Query to find duplicates across multiple columns & time out issues
Hi all,
At first, I was trying to run this query against a MySQL table to find duplicates in 1 column. The table has about 1,200,000 records:
SELECT * FROM SomeTable WHERE Address IN (SELECT Address FROM SomeTable GROUP BY Address HAVING count(Address) > 1 ) ORDER BY Address
However, this query was causing timeouts with not results returned. The Address column is indexed.
So, I left out the "ORDER BY" clause, and it works...but returns over 1 million records. So, I need to add additional columns to check for dups.

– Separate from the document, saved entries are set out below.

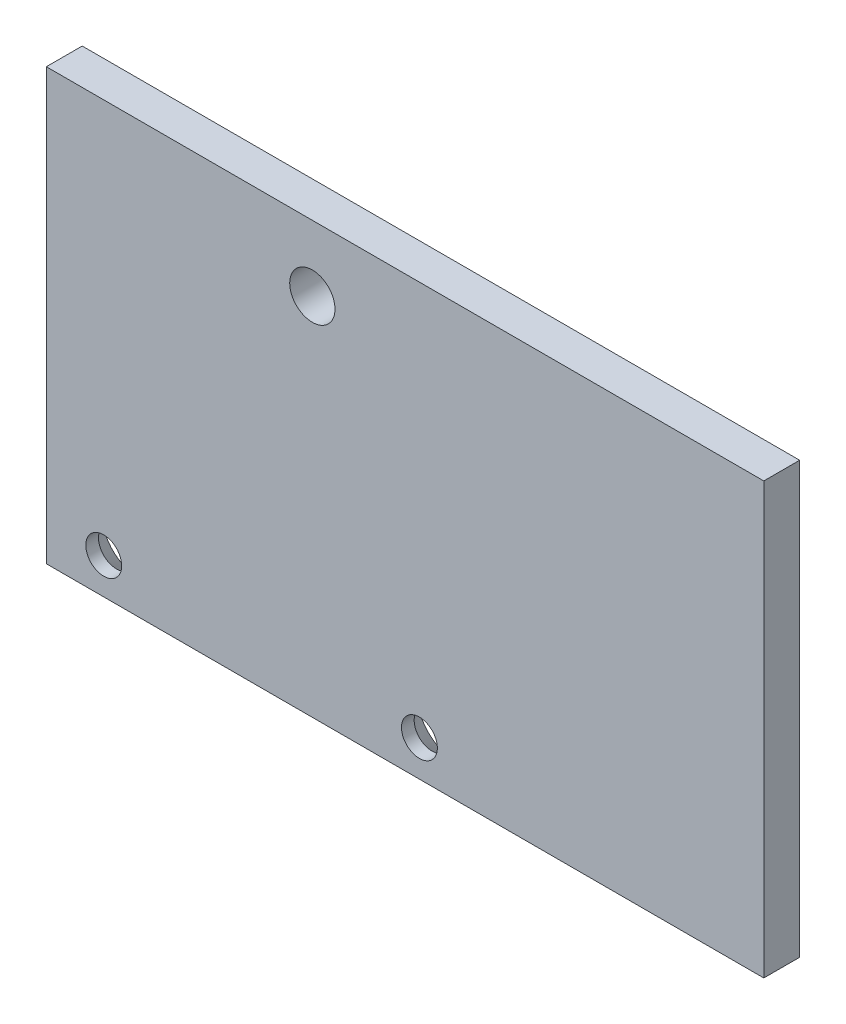
ISO-10303-21;
HEADER;
FILE_DESCRIPTION(('STEP AP214'),'2;1');
FILE_NAME('part.step','',(''),(''),'','','');
FILE_SCHEMA(('AUTOMOTIVE_DESIGN { 1 0 10303 214 1 1 1 1 }'));
ENDSEC;
DATA;
#1=APPLICATION_CONTEXT('core data for automotive mechanical design processes');
#2=APPLICATION_PROTOCOL_DEFINITION('international standard','automotive_design',2000,#1);
#3=PRODUCT_CONTEXT('',#1,'mechanical');
#4=PRODUCT('Part','Part','',(#3));
#5=PRODUCT_RELATED_PRODUCT_CATEGORY('part','',(#4));
#6=PRODUCT_DEFINITION_FORMATION('','',#4);
#7=PRODUCT_DEFINITION_CONTEXT('part definition',#1,'design');
#8=PRODUCT_DEFINITION('design','',#6,#7);
#9=PRODUCT_DEFINITION_SHAPE('','',#8);
#10=(LENGTH_UNIT() NAMED_UNIT(*) SI_UNIT(.MILLI.,.METRE.));
#11=(NAMED_UNIT(*) PLANE_ANGLE_UNIT() SI_UNIT($,.RADIAN.));
#12=(NAMED_UNIT(*) SI_UNIT($,.STERADIAN.) SOLID_ANGLE_UNIT());
#13=UNCERTAINTY_MEASURE_WITH_UNIT(LENGTH_MEASURE(1.E-05),#10,'distance_accuracy_value','');
#14=(GEOMETRIC_REPRESENTATION_CONTEXT(3) GLOBAL_UNCERTAINTY_ASSIGNED_CONTEXT((#13)) GLOBAL_UNIT_ASSIGNED_CONTEXT((#10,
#11,#12)) REPRESENTATION_CONTEXT('',''));
#15=CARTESIAN_POINT('',(0.,0.,0.));
#16=DIRECTION('',(0.,0.,1.));
#17=DIRECTION('',(1.,0.,0.));
#18=AXIS2_PLACEMENT_3D('',#15,#16,#17);
#19=CARTESIAN_POINT('',(0.,0.,6.35));
#20=DIRECTION('',(-1.,0.,0.));
#21=DIRECTION('',(0.,-1.,0.));
#22=AXIS2_PLACEMENT_3D('',#19,#20,#21);
#23=PLANE('',#22);
#24=DIRECTION('',(0.,1.,0.));
#25=VECTOR('',#24,1.);
#26=CARTESIAN_POINT('',(0.,0.,0.));
#27=LINE('',#26,#25);
#28=CARTESIAN_POINT('',(0.,0.,0.));
#29=VERTEX_POINT('',#28);
#30=CARTESIAN_POINT('',(0.,76.2,0.));
#31=VERTEX_POINT('',#30);
#32=EDGE_CURVE('E121',#29,#31,#27,.T.);
#33=ORIENTED_EDGE('',*,*,#32,.T.);
#34=DIRECTION('',(0.,0.,-1.));
#35=VECTOR('',#34,1.);
#36=CARTESIAN_POINT('',(0.,76.2,6.35));
#37=LINE('',#36,#35);
#38=CARTESIAN_POINT('',(0.,76.2,6.35));
#39=VERTEX_POINT('',#38);
#40=EDGE_CURVE('E175',#39,#31,#37,.T.);
#41=ORIENTED_EDGE('',*,*,#40,.F.);
#42=DIRECTION('',(0.,1.,0.));
#43=VECTOR('',#42,1.);
#44=CARTESIAN_POINT('',(0.,0.,6.35));
#45=LINE('',#44,#43);
#46=CARTESIAN_POINT('',(0.,0.,6.35));
#47=VERTEX_POINT('',#46);
#48=EDGE_CURVE('E106',#47,#39,#45,.T.);
#49=ORIENTED_EDGE('',*,*,#48,.F.);
#50=DIRECTION('',(0.,0.,-1.));
#51=VECTOR('',#50,1.);
#52=CARTESIAN_POINT('',(0.,0.,6.35));
#53=LINE('',#52,#51);
#54=EDGE_CURVE('E129',#47,#29,#53,.T.);
#55=ORIENTED_EDGE('',*,*,#54,.T.);
#56=EDGE_LOOP('',(#33,#41,#49,#55));
#57=FACE_BOUND('',#56,.T.);
#58=ADVANCED_FACE('F34',(#57),#23,.F.);
#59=CARTESIAN_POINT('',(0.,76.2,6.35));
#60=DIRECTION('',(0.,-1.,0.));
#61=DIRECTION('',(1.,0.,0.));
#62=AXIS2_PLACEMENT_3D('',#59,#60,#61);
#63=PLANE('',#62);
#64=DIRECTION('',(-1.,0.,0.));
#65=VECTOR('',#64,1.);
#66=CARTESIAN_POINT('',(0.,76.2,0.));
#67=LINE('',#66,#65);
#68=CARTESIAN_POINT('',(-127.,76.2,0.));
#69=VERTEX_POINT('',#68);
#70=EDGE_CURVE('E118',#31,#69,#67,.T.);
#71=ORIENTED_EDGE('',*,*,#70,.T.);
#72=DIRECTION('',(0.,0.,-1.));
#73=VECTOR('',#72,1.);
#74=CARTESIAN_POINT('',(-127.,76.2,6.35));
#75=LINE('',#74,#73);
#76=CARTESIAN_POINT('',(-127.,76.2,6.35));
#77=VERTEX_POINT('',#76);
#78=EDGE_CURVE('E177',#77,#69,#75,.T.);
#79=ORIENTED_EDGE('',*,*,#78,.F.);
#80=DIRECTION('',(-1.,0.,0.));
#81=VECTOR('',#80,1.);
#82=CARTESIAN_POINT('',(0.,76.2,6.35));
#83=LINE('',#82,#81);
#84=EDGE_CURVE('E110',#39,#77,#83,.T.);
#85=ORIENTED_EDGE('',*,*,#84,.F.);
#86=ORIENTED_EDGE('',*,*,#40,.T.);
#87=EDGE_LOOP('',(#71,#79,#85,#86));
#88=FACE_BOUND('',#87,.T.);
#89=ADVANCED_FACE('F164',(#88),#63,.F.);
#90=CARTESIAN_POINT('',(-127.,0.,6.35));
#91=DIRECTION('',(1.,0.,0.));
#92=DIRECTION('',(0.,0.,-1.));
#93=AXIS2_PLACEMENT_3D('',#90,#91,#92);
#94=PLANE('',#93);
#95=DIRECTION('',(0.,-1.,0.));
#96=VECTOR('',#95,1.);
#97=CARTESIAN_POINT('',(-127.,0.,0.));
#98=LINE('',#97,#96);
#99=CARTESIAN_POINT('',(-127.,0.,0.));
#100=VERTEX_POINT('',#99);
#101=EDGE_CURVE('E114',#69,#100,#98,.T.);
#102=ORIENTED_EDGE('',*,*,#101,.T.);
#103=DIRECTION('',(0.,0.,-1.));
#104=VECTOR('',#103,1.);
#105=CARTESIAN_POINT('',(-127.,0.,6.35));
#106=LINE('',#105,#104);
#107=CARTESIAN_POINT('',(-127.,0.,6.35));
#108=VERTEX_POINT('',#107);
#109=EDGE_CURVE('E105',#108,#100,#106,.T.);
#110=ORIENTED_EDGE('',*,*,#109,.F.);
#111=DIRECTION('',(0.,-1.,0.));
#112=VECTOR('',#111,1.);
#113=CARTESIAN_POINT('',(-127.,0.,6.35));
#114=LINE('',#113,#112);
#115=EDGE_CURVE('E130',#77,#108,#114,.T.);
#116=ORIENTED_EDGE('',*,*,#115,.F.);
#117=ORIENTED_EDGE('',*,*,#78,.T.);
#118=EDGE_LOOP('',(#102,#110,#116,#117));
#119=FACE_BOUND('',#118,.T.);
#120=ADVANCED_FACE('F169',(#119),#94,.F.);
#121=CARTESIAN_POINT('',(0.,0.,6.35));
#122=DIRECTION('',(0.,1.,0.));
#123=DIRECTION('',(-1.,0.,0.));
#124=AXIS2_PLACEMENT_3D('',#121,#122,#123);
#125=PLANE('',#124);
#126=DIRECTION('',(1.,0.,0.));
#127=VECTOR('',#126,1.);
#128=CARTESIAN_POINT('',(0.,0.,0.));
#129=LINE('',#128,#127);
#130=CARTESIAN_POINT('',(-119.110460237485,0.,0.));
#131=VERTEX_POINT('',#130);
#132=EDGE_CURVE('E97',#100,#131,#129,.T.);
#133=ORIENTED_EDGE('',*,*,#132,.T.);
#134=CARTESIAN_POINT('',(-128.812649068424,0.,-7.83248281445128));
#135=CARTESIAN_POINT('',(-128.571884849846,0.,-7.5878262152866));
#136=CARTESIAN_POINT('',(-128.330333220246,0.,-7.34393890849861));
#137=CARTESIAN_POINT('',(-127.845311046456,0.,-6.85805201470797));
#138=CARTESIAN_POINT('',(-127.601840389621,0.,-6.61605254020353));
#139=CARTESIAN_POINT('',(-127.112122590797,0.,-6.13378583715921));
#140=CARTESIAN_POINT('',(-126.865870492606,0.,-5.89352363418536));
#141=CARTESIAN_POINT('',(-126.370690339219,0.,-5.41578007117357));
#142=CARTESIAN_POINT('',(-126.121762342363,0.,-5.17829865074528));
#143=CARTESIAN_POINT('',(-125.607849236859,0.,-4.69468440289561));
#144=CARTESIAN_POINT('',(-125.342694634456,0.,-4.44873130051314));
#145=CARTESIAN_POINT('',(-124.808010171889,0.,-3.96163077128048));
#146=CARTESIAN_POINT('',(-124.538480448323,0.,-3.72048319491589));
#147=CARTESIAN_POINT('',(-123.994221868033,0.,-3.24462572547518));
#148=CARTESIAN_POINT('',(-123.719498099653,0.,-3.00991003287843));
#149=CARTESIAN_POINT('',(-123.16323563994,0.,-2.54872542762217));
#150=CARTESIAN_POINT('',(-122.881697904145,0.,-2.32225536968509));
#151=CARTESIAN_POINT('',(-122.323360917705,0.,-1.89089555872711));
#152=CARTESIAN_POINT('',(-122.046960836009,0.,-1.68549180425967));
#153=CARTESIAN_POINT('',(-121.483957571677,0.,-1.28851655834962));
#154=CARTESIAN_POINT('',(-121.197347314659,0.,-1.09695494747329));
#155=CARTESIAN_POINT('',(-120.759931990837,0.,-0.825707800156575));
#156=CARTESIAN_POINT('',(-120.613818905992,0.,-0.738473918882423));
#157=CARTESIAN_POINT('',(-120.318256178012,0.,-0.569869289786872));
#158=CARTESIAN_POINT('',(-120.168806226272,0.,-0.488499087225327));
#159=CARTESIAN_POINT('',(-119.715427907802,0.,-0.255097539397919));
#160=CARTESIAN_POINT('',(-119.405890197814,0.,-0.113404673494414));
#161=CARTESIAN_POINT('',(-118.95997532153,0.,0.0578204907383647));
#162=CARTESIAN_POINT('',(-118.829911879348,0.,0.103994799002913));
#163=CARTESIAN_POINT('',(-118.567041230686,0.,0.188943573882665));
#164=CARTESIAN_POINT('',(-118.434228469826,0.,0.227701018211834));
#165=CARTESIAN_POINT('',(-118.138359599084,0.,0.303977427474464));
#166=CARTESIAN_POINT('',(-117.97479079572,0.,0.339539916912516));
#167=CARTESIAN_POINT('',(-117.645182838012,0.,0.396793869133038));
#168=CARTESIAN_POINT('',(-117.47914321592,0.,0.418482670419165));
#169=CARTESIAN_POINT('',(-117.145982807463,0.,0.446917302717706));
#170=CARTESIAN_POINT('',(-116.978863660434,0.,0.453682060986916));
#171=CARTESIAN_POINT('',(-116.64471515396,0.,0.45197384935072));
#172=CARTESIAN_POINT('',(-116.47768578899,0.,0.443501959860449));
#173=CARTESIAN_POINT('',(-116.150365923706,0.,0.412267199305405));
#174=CARTESIAN_POINT('',(-115.990030334251,0.,0.389968490150697));
#175=CARTESIAN_POINT('',(-115.671677209841,0.,0.332492566351471));
#176=CARTESIAN_POINT('',(-115.513660166655,0.,0.297312659491311));
#177=CARTESIAN_POINT('',(-115.200410790528,0.,0.21537142962786));
#178=CARTESIAN_POINT('',(-115.045183501725,0.,0.16859102662427));
#179=CARTESIAN_POINT('',(-114.738148326281,0.,0.0649883379276899));
#180=CARTESIAN_POINT('',(-114.586340513394,0.,0.00816583587486205));
#181=CARTESIAN_POINT('',(-114.249473927245,0.,-0.129022539886639));
#182=CARTESIAN_POINT('',(-114.065379177048,0.,-0.211745952397383));
#183=CARTESIAN_POINT('',(-113.702390490899,0.,-0.387973608615274));
#184=CARTESIAN_POINT('',(-113.52349876181,0.,-0.481482345769266));
#185=CARTESIAN_POINT('',(-113.170257991991,0.,-0.677334010158204));
#186=CARTESIAN_POINT('',(-112.995917073912,0.,-0.77969149177117));
#187=CARTESIAN_POINT('',(-112.651601534814,0.,-0.991416791185509));
#188=CARTESIAN_POINT('',(-112.481626364592,0.,-1.10078372110008));
#189=CARTESIAN_POINT('',(-112.142954295716,0.,-1.32692612173214));
#190=CARTESIAN_POINT('',(-111.974315868838,0.,-1.44378878875914));
#191=CARTESIAN_POINT('',(-111.640479886034,0.,-1.6823214734457));
#192=CARTESIAN_POINT('',(-111.475282422348,0.,-1.80399161972435));
#193=CARTESIAN_POINT('',(-111.148055115123,0.,-2.05116858246165));
#194=CARTESIAN_POINT('',(-110.986022224026,0.,-2.17667137558438));
#195=CARTESIAN_POINT('',(-110.664574426994,0.,-2.43096469301047));
#196=CARTESIAN_POINT('',(-110.505159413534,0.,-2.55975508172446));
#197=CARTESIAN_POINT('',(-110.163151901307,0.,-2.84103643462227));
#198=CARTESIAN_POINT('',(-109.980955087117,0.,-2.99400793089389));
#199=CARTESIAN_POINT('',(-109.619192176889,0.,-3.30303480829104));
#200=CARTESIAN_POINT('',(-109.439626171889,0.,-3.4590902957008));
#201=CARTESIAN_POINT('',(-108.90426530495,0.,-3.93113685720115));
#202=CARTESIAN_POINT('',(-108.551855794834,0.,-4.25096792457911));
#203=CARTESIAN_POINT('',(-107.853637729244,0.,-4.8981218593126));
#204=CARTESIAN_POINT('',(-107.507833231651,0.,-5.22544907668313));
#205=CARTESIAN_POINT('',(-106.821497358243,0.,-5.88552632337631));
#206=CARTESIAN_POINT('',(-106.480965605267,0.,-6.21827596130317));
#207=CARTESIAN_POINT('',(-105.803125251873,0.,-6.88881042832302));
#208=CARTESIAN_POINT('',(-105.465827528027,0.,-7.22660622732189));
#209=CARTESIAN_POINT('',(-104.794526282785,0.,-7.90546143111328));
#210=CARTESIAN_POINT('',(-104.460522813243,0.,-8.24652088711108));
#211=CARTESIAN_POINT('',(-103.795299937466,0.,-8.93111396050567));
#212=CARTESIAN_POINT('',(-103.464079615727,0.,-9.2746466892811));
#213=CARTESIAN_POINT('',(-102.803828900869,0.,-9.96381125723824));
#214=CARTESIAN_POINT('',(-102.474798517772,0.,-10.309443106012));
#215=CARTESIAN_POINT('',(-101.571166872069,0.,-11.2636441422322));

The results from an EXPLAIN:
Generated by: phpMyAdmin 3.4.5 / MySQL 5.1.56
id select_type table type possible_keys key key_len ref rows Extra
1 PRIMARY SomeTable ALL NULL NULL NULL NULL 1212743 Using where; Using filesort
2 DEPENDENT SUBQUERY SomeTable index NULL Address 42 NULL 3 Using index
The results from a SHOW CREATE TABLE SomeTable:
SomeTable
CREATE TABLE `SomeTable` (
`Column1` varchar(10) NOT NULL DEFAULT '',
`Column2` varchar(30) NOT NULL DEFAULT '',
`Column3` varchar(50) NOT NULL DEFAULT '',
`Column4` bigint(20) NOT NULL DEFAULT '0',
`Column5` varchar(22) DEFAULT NULL,
`Column6` enum('false','true') NOT NULL DEFAULT 'false',
`Column7` tinyint(1) NOT NULL DEFAULT '0',
`Column8` decimal(7,2) NOT NULL DEFAULT '0.00',
`Address` varchar(40) NOT NULL DEFAULT '',
`Column10` varchar(30) NOT NULL DEFAULT '',
`Column11` char(2) NOT NULL DEFAULT '',
`Column12` mediumint(5) NOT NULL DEFAULT '0',
`Column13` tinyint(2) NOT NULL DEFAULT '0',
`Column14` decimal(3,2) NOT NULL DEFAULT '0.00',
`Column15` tinyint(1) NOT NULL DEFAULT '0',
`Column16` tinyint(1) DEFAULT NULL,
`Column17` tinyint(1) DEFAULT NULL,
`Column18` set('0','1','2','3','4','5','6','7','8','9','10','11','12','13','14','15','16','17','18','19') DEFAULT NULL,
`Column19` set('0','1','2','3','4','5','6','7','8','9','10') DEFAULT NULL,
`Column20` set('0','1','2','3','4','5','6','7','8','9','10','11','12','13','14','15','16','17') DEFAULT NULL,
`Column21` varchar(40) NOT NULL DEFAULT '',
`Column22` text,
`Column23` varchar(26) DEFAULT NULL,
`Column24` varchar(27) DEFAULT NULL,
`Column25` varchar(200) DEFAULT NULL,
`Column26` enum('true','false') NOT NULL DEFAULT 'false',
`Column27` enum('Y','N') NOT NULL DEFAULT 'Y',
`Date_Created` int(8) NOT NULL DEFAULT '0',
`Last_Mod_Stamp` timestamp NOT NULL DEFAULT CURRENT_TIMESTAMP ON UPDATE CURRENT_TIMESTAMP,
PRIMARY KEY (`Column1`),
KEY `Address` (`Address`)
) ENGINE=MyISAM DEFAULT CHARSET=latin1
This works (but too many rows returned):
SELECT * FROM SomeTable WHERE Address IN (SELECT Address FROM SomeTable GROUP BY Address HAVING count(Address) > 1 )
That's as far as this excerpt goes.